*** PROVIDED ENTRIES Section Begins ***

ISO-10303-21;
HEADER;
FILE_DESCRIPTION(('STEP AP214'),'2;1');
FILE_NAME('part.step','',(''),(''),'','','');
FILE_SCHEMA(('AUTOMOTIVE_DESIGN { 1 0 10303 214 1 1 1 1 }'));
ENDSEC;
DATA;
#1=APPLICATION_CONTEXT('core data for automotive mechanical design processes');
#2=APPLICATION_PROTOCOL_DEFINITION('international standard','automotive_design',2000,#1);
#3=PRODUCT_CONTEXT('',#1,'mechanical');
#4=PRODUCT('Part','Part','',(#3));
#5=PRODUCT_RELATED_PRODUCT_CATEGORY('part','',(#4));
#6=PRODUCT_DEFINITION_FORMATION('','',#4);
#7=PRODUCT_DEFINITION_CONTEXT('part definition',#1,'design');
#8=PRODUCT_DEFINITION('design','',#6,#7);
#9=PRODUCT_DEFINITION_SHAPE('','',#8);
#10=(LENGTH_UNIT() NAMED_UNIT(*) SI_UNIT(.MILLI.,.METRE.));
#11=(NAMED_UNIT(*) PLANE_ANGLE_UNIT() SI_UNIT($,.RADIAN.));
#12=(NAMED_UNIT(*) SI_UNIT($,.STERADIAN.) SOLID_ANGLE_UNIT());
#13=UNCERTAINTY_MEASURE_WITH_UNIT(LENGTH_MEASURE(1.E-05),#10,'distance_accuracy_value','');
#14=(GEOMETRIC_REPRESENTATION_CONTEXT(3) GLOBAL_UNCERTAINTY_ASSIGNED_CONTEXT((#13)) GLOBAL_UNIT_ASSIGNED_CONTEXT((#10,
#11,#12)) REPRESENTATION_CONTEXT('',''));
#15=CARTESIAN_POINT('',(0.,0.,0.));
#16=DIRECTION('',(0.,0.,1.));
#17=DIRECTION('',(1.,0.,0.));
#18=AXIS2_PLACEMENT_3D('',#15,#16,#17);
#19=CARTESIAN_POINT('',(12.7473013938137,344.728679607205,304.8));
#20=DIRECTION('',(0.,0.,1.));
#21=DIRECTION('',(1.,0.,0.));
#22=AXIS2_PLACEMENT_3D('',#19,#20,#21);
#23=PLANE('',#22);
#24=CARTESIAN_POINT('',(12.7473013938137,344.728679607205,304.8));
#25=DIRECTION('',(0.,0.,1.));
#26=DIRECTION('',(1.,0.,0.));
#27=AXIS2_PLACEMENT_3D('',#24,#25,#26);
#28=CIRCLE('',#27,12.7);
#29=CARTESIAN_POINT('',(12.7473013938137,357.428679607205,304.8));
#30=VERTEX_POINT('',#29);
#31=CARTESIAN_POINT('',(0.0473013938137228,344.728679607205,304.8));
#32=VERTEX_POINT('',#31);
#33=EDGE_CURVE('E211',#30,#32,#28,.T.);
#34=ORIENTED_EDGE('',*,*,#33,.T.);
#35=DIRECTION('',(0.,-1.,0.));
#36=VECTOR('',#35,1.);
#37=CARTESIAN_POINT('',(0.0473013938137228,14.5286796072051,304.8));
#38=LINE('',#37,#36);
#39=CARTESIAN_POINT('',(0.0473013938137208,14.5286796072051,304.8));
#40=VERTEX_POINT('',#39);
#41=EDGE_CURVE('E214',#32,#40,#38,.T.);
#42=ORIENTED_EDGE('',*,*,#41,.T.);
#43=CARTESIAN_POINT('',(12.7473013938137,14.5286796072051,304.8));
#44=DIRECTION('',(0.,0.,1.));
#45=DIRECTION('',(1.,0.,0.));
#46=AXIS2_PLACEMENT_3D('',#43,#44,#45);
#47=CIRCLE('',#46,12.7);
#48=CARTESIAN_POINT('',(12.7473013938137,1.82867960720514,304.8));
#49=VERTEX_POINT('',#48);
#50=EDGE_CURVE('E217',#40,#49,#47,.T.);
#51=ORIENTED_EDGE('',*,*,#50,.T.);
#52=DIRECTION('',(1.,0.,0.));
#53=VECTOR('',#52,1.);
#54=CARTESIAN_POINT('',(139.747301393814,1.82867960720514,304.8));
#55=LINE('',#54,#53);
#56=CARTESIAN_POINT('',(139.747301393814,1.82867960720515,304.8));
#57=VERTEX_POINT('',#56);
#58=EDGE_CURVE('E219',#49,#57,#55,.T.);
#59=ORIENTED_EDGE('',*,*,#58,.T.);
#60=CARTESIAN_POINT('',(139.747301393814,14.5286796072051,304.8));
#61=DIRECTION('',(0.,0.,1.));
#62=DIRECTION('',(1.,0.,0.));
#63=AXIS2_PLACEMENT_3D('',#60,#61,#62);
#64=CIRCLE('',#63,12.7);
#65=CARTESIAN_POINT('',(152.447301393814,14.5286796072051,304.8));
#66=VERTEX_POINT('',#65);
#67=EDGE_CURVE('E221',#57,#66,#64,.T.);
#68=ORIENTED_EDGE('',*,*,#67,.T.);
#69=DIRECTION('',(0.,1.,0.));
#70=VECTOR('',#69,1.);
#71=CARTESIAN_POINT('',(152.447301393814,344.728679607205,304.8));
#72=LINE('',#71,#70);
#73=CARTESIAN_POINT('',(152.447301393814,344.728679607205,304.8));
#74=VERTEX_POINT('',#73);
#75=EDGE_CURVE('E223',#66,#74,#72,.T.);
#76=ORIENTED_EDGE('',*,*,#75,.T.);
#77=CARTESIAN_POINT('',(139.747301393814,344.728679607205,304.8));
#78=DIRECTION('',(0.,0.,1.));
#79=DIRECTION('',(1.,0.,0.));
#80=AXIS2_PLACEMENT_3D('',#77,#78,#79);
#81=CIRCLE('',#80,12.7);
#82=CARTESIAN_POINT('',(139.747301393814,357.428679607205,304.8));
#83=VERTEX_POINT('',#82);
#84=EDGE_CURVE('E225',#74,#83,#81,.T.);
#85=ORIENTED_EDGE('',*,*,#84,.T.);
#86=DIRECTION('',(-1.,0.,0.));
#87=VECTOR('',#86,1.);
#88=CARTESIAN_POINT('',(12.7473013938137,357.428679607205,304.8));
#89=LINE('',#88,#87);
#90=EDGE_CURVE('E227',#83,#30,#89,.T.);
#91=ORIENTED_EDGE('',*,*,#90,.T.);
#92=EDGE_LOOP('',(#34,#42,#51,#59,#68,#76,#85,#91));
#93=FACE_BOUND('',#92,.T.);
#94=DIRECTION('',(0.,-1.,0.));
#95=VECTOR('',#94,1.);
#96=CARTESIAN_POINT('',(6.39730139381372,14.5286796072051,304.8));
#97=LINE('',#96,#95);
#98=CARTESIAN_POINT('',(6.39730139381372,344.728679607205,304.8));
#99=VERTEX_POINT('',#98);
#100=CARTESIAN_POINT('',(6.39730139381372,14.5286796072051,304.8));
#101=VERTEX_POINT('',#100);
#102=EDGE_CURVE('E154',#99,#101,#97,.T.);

*** PROVIDED ENTRIES Section Ends ***

TASK DIRECTIONS => What is needed is an exact transcription of every entry.

PROBLEM SOLUTION =>
ISO-10303-21;
HEADER;
FILE_DESCRIPTION(('STEP AP214'),'2;1');
FILE_NAME('part.step','',(''),(''),'','','');
FILE_SCHEMA(('AUTOMOTIVE_DESIGN { 1 0 10303 214 1 1 1 1 }'));
ENDSEC;
DATA;
#1=APPLICATION_CONTEXT('core data for automotive mechanical design processes');
#2=APPLICATION_PROTOCOL_DEFINITION('international standard','automotive_design',2000,#1);
#3=PRODUCT_CONTEXT('',#1,'mechanical');
#4=PRODUCT('Part','Part','',(#3));
#5=PRODUCT_RELATED_PRODUCT_CATEGORY('part','',(#4));
#6=PRODUCT_DEFINITION_FORMATION('','',#4);
#7=PRODUCT_DEFINITION_CONTEXT('part definition',#1,'design');
#8=PRODUCT_DEFINITION('design','',#6,#7);
#9=PRODUCT_DEFINITION_SHAPE('','',#8);
#10=(LENGTH_UNIT() NAMED_UNIT(*) SI_UNIT(.MILLI.,.METRE.));
#11=(NAMED_UNIT(*) PLANE_ANGLE_UNIT() SI_UNIT($,.RADIAN.));
#12=(NAMED_UNIT(*) SI_UNIT($,.STERADIAN.) SOLID_ANGLE_UNIT());
#13=UNCERTAINTY_MEASURE_WITH_UNIT(LENGTH_MEASURE(1.E-05),#10,'distance_accuracy_value','');
#14=(GEOMETRIC_REPRESENTATION_CONTEXT(3) GLOBAL_UNCERTAINTY_ASSIGNED_CONTEXT((#13)) GLOBAL_UNIT_ASSIGNED_CONTEXT((#10,
#11,#12)) REPRESENTATION_CONTEXT('',''));
#15=CARTESIAN_POINT('',(0.,0.,0.));
#16=DIRECTION('',(0.,0.,1.));
#17=DIRECTION('',(1.,0.,0.));
#18=AXIS2_PLACEMENT_3D('',#15,#16,#17);
#19=CARTESIAN_POINT('',(12.7473013938137,344.728679607205,304.8));
#20=DIRECTION('',(0.,0.,1.));
#21=DIRECTION('',(1.,0.,0.));
#22=AXIS2_PLACEMENT_3D('',#19,#20,#21);
#23=PLANE('',#22);
#24=CARTESIAN_POINT('',(12.7473013938137,344.728679607205,304.8));
#25=DIRECTION('',(0.,0.,1.));
#26=DIRECTION('',(1.,0.,0.));
#27=AXIS2_PLACEMENT_3D('',#24,#25,#26);
#28=CIRCLE('',#27,12.7);
#29=CARTESIAN_POINT('',(12.7473013938137,357.428679607205,304.8));
#30=VERTEX_POINT('',#29);
#31=CARTESIAN_POINT('',(0.0473013938137228,344.728679607205,304.8));
#32=VERTEX_POINT('',#31);
#33=EDGE_CURVE('E211',#30,#32,#28,.T.);
#34=ORIENTED_EDGE('',*,*,#33,.T.);
#35=DIRECTION('',(0.,-1.,0.));
#36=VECTOR('',#35,1.);
#37=CARTESIAN_POINT('',(0.0473013938137228,14.5286796072051,304.8));
#38=LINE('',#37,#36);
#39=CARTESIAN_POINT('',(0.0473013938137208,14.5286796072051,304.8));
#40=VERTEX_POINT('',#39);
#41=EDGE_CURVE('E214',#32,#40,#38,.T.);
#42=ORIENTED_EDGE('',*,*,#41,.T.);
#43=CARTESIAN_POINT('',(12.7473013938137,14.5286796072051,304.8));
#44=DIRECTION('',(0.,0.,1.));
#45=DIRECTION('',(1.,0.,0.));
#46=AXIS2_PLACEMENT_3D('',#43,#44,#45);
#47=CIRCLE('',#46,12.7);
#48=CARTESIAN_POINT('',(12.7473013938137,1.82867960720514,304.8));
#49=VERTEX_POINT('',#48);
#50=EDGE_CURVE('E217',#40,#49,#47,.T.);
#51=ORIENTED_EDGE('',*,*,#50,.T.);
#52=DIRECTION('',(1.,0.,0.));
#53=VECTOR('',#52,1.);
#54=CARTESIAN_POINT('',(139.747301393814,1.82867960720514,304.8));
#55=LINE('',#54,#53);
#56=CARTESIAN_POINT('',(139.747301393814,1.82867960720515,304.8));
#57=VERTEX_POINT('',#56);
#58=EDGE_CURVE('E219',#49,#57,#55,.T.);
#59=ORIENTED_EDGE('',*,*,#58,.T.);
#60=CARTESIAN_POINT('',(139.747301393814,14.5286796072051,304.8));
#61=DIRECTION('',(0.,0.,1.));
#62=DIRECTION('',(1.,0.,0.));
#63=AXIS2_PLACEMENT_3D('',#60,#61,#62);
#64=CIRCLE('',#63,12.7);
#65=CARTESIAN_POINT('',(152.447301393814,14.5286796072051,304.8));
#66=VERTEX_POINT('',#65);
#67=EDGE_CURVE('E221',#57,#66,#64,.T.);
#68=ORIENTED_EDGE('',*,*,#67,.T.);
#69=DIRECTION('',(0.,1.,0.));
#70=VECTOR('',#69,1.);
#71=CARTESIAN_POINT('',(152.447301393814,344.728679607205,304.8));
#72=LINE('',#71,#70);
#73=CARTESIAN_POINT('',(152.447301393814,344.728679607205,304.8));
#74=VERTEX_POINT('',#73);
#75=EDGE_CURVE('E223',#66,#74,#72,.T.);
#76=ORIENTED_EDGE('',*,*,#75,.T.);
#77=CARTESIAN_POINT('',(139.747301393814,344.728679607205,304.8));
#78=DIRECTION('',(0.,0.,1.));
#79=DIRECTION('',(1.,0.,0.));
#80=AXIS2_PLACEMENT_3D('',#77,#78,#79);
#81=CIRCLE('',#80,12.7);
#82=CARTESIAN_POINT('',(139.747301393814,357.428679607205,304.8));
#83=VERTEX_POINT('',#82);
#84=EDGE_CURVE('E225',#74,#83,#81,.T.);
#85=ORIENTED_EDGE('',*,*,#84,.T.);
#86=DIRECTION('',(-1.,0.,0.));
#87=VECTOR('',#86,1.);
#88=CARTESIAN_POINT('',(12.7473013938137,357.428679607205,304.8));
#89=LINE('',#88,#87);
#90=EDGE_CURVE('E227',#83,#30,#89,.T.);
#91=ORIENTED_EDGE('',*,*,#90,.T.);
#92=EDGE_LOOP('',(#34,#42,#51,#59,#68,#76,#85,#91));
#93=FACE_BOUND('',#92,.T.);
#94=DIRECTION('',(0.,-1.,0.));
#95=VECTOR('',#94,1.);
#96=CARTESIAN_POINT('',(6.39730139381372,14.5286796072051,304.8));
#97=LINE('',#96,#95);
#98=CARTESIAN_POINT('',(6.39730139381372,344.728679607205,304.8));
#99=VERTEX_POINT('',#98);
#100=CARTESIAN_POINT('',(6.39730139381372,14.5286796072051,304.8));
#101=VERTEX_POINT('',#100);
#102=EDGE_CURVE('E154',#99,#101,#97,.T.);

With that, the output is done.